◆ **Information**:
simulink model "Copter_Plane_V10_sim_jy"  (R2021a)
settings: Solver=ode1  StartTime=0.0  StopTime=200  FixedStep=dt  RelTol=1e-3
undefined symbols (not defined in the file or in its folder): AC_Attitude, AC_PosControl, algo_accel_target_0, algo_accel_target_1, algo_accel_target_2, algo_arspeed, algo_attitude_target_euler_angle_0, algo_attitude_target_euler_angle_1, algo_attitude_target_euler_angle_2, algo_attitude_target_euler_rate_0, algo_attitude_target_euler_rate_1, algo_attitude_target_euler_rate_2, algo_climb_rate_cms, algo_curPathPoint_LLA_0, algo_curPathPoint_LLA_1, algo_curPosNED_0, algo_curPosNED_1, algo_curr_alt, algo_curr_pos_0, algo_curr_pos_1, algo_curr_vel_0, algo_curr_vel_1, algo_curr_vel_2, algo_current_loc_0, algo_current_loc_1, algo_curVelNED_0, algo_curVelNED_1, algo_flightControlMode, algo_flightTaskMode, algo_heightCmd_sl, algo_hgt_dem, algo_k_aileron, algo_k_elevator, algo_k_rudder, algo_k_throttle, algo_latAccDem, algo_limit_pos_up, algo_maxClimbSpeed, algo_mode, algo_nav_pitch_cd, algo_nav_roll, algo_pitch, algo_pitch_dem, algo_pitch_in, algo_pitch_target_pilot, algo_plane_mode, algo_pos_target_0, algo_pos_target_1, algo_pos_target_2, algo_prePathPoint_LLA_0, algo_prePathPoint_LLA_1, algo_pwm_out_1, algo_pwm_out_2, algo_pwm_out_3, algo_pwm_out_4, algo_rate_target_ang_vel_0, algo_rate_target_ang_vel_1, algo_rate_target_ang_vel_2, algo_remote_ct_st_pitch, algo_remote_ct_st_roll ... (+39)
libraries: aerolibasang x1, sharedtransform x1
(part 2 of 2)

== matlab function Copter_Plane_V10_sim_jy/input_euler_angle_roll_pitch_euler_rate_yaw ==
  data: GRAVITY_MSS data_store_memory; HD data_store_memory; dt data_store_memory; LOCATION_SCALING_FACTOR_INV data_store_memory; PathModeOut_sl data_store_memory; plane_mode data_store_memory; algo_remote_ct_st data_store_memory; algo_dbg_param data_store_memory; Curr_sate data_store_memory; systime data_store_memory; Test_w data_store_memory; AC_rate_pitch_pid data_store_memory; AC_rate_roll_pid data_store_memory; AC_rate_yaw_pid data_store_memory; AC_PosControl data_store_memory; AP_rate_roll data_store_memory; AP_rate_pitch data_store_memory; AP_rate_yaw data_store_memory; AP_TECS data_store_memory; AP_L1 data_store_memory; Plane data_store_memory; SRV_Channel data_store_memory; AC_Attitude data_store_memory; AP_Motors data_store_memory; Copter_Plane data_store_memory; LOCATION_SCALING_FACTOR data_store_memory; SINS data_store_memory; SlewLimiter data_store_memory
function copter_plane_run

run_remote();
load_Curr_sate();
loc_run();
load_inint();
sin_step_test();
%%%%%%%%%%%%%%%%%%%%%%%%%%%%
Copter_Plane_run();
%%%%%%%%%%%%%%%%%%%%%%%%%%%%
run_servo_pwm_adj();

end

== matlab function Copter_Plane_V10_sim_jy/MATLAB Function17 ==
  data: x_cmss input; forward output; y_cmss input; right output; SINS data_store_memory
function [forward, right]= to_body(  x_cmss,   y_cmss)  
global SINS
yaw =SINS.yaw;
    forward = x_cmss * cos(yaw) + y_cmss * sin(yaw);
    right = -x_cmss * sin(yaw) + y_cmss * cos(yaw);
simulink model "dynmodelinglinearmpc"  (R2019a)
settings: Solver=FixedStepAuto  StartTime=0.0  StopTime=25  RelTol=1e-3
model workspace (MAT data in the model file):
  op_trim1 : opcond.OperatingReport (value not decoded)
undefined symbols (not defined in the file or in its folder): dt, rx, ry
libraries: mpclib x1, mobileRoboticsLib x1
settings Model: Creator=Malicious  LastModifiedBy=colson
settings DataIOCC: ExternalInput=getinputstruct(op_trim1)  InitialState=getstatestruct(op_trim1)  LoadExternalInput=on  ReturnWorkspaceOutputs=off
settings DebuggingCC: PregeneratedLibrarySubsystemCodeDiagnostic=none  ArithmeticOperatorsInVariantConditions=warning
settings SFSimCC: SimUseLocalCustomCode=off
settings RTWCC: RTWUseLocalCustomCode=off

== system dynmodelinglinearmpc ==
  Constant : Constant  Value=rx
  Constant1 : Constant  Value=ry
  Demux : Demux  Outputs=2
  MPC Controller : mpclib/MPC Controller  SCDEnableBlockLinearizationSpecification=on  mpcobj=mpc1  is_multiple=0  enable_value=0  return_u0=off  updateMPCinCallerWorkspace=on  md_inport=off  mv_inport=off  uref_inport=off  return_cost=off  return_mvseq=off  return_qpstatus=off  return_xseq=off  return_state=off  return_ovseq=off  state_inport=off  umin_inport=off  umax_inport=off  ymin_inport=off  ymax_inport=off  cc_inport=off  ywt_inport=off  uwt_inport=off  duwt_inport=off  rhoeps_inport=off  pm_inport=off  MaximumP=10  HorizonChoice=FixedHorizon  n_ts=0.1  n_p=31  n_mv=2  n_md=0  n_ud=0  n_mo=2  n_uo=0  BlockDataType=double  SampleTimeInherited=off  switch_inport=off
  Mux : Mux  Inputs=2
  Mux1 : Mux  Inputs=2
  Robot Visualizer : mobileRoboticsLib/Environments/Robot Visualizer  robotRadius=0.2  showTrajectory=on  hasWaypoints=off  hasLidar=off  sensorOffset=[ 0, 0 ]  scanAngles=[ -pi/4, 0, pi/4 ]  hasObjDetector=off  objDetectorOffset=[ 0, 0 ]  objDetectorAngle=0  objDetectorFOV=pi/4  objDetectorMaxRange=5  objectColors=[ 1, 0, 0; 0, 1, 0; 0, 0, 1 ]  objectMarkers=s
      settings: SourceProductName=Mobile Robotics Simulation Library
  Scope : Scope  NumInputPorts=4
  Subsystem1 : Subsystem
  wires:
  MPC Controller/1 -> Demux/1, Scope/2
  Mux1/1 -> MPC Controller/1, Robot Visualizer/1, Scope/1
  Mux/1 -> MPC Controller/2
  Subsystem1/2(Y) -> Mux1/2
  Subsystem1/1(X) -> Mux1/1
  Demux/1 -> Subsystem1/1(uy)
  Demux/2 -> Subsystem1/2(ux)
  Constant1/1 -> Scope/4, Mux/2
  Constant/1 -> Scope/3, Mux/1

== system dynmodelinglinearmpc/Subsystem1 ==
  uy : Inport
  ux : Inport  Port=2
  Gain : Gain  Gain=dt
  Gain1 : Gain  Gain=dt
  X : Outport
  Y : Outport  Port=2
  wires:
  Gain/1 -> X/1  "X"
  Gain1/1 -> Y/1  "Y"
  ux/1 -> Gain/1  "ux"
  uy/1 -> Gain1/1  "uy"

◆ **What to produce**: Print the line containing "Constant/1 -> Scope/3, Mux/1" and every line after it to the end of the records above, exactly as written, and nothing else.

◆ **Solution to the problem**:
  Constant/1 -> Scope/3, Mux/1

== system dynmodelinglinearmpc/Subsystem1 ==
  uy : Inport
  ux : Inport  Port=2
  Gain : Gain  Gain=dt
  Gain1 : Gain  Gain=dt
  X : Outport
  Y : Outport  Port=2
  wires:
  Gain/1 -> X/1  "X"
  Gain1/1 -> Y/1  "Y"
  ux/1 -> Gain/1  "ux"
  uy/1 -> Gain1/1  "uy"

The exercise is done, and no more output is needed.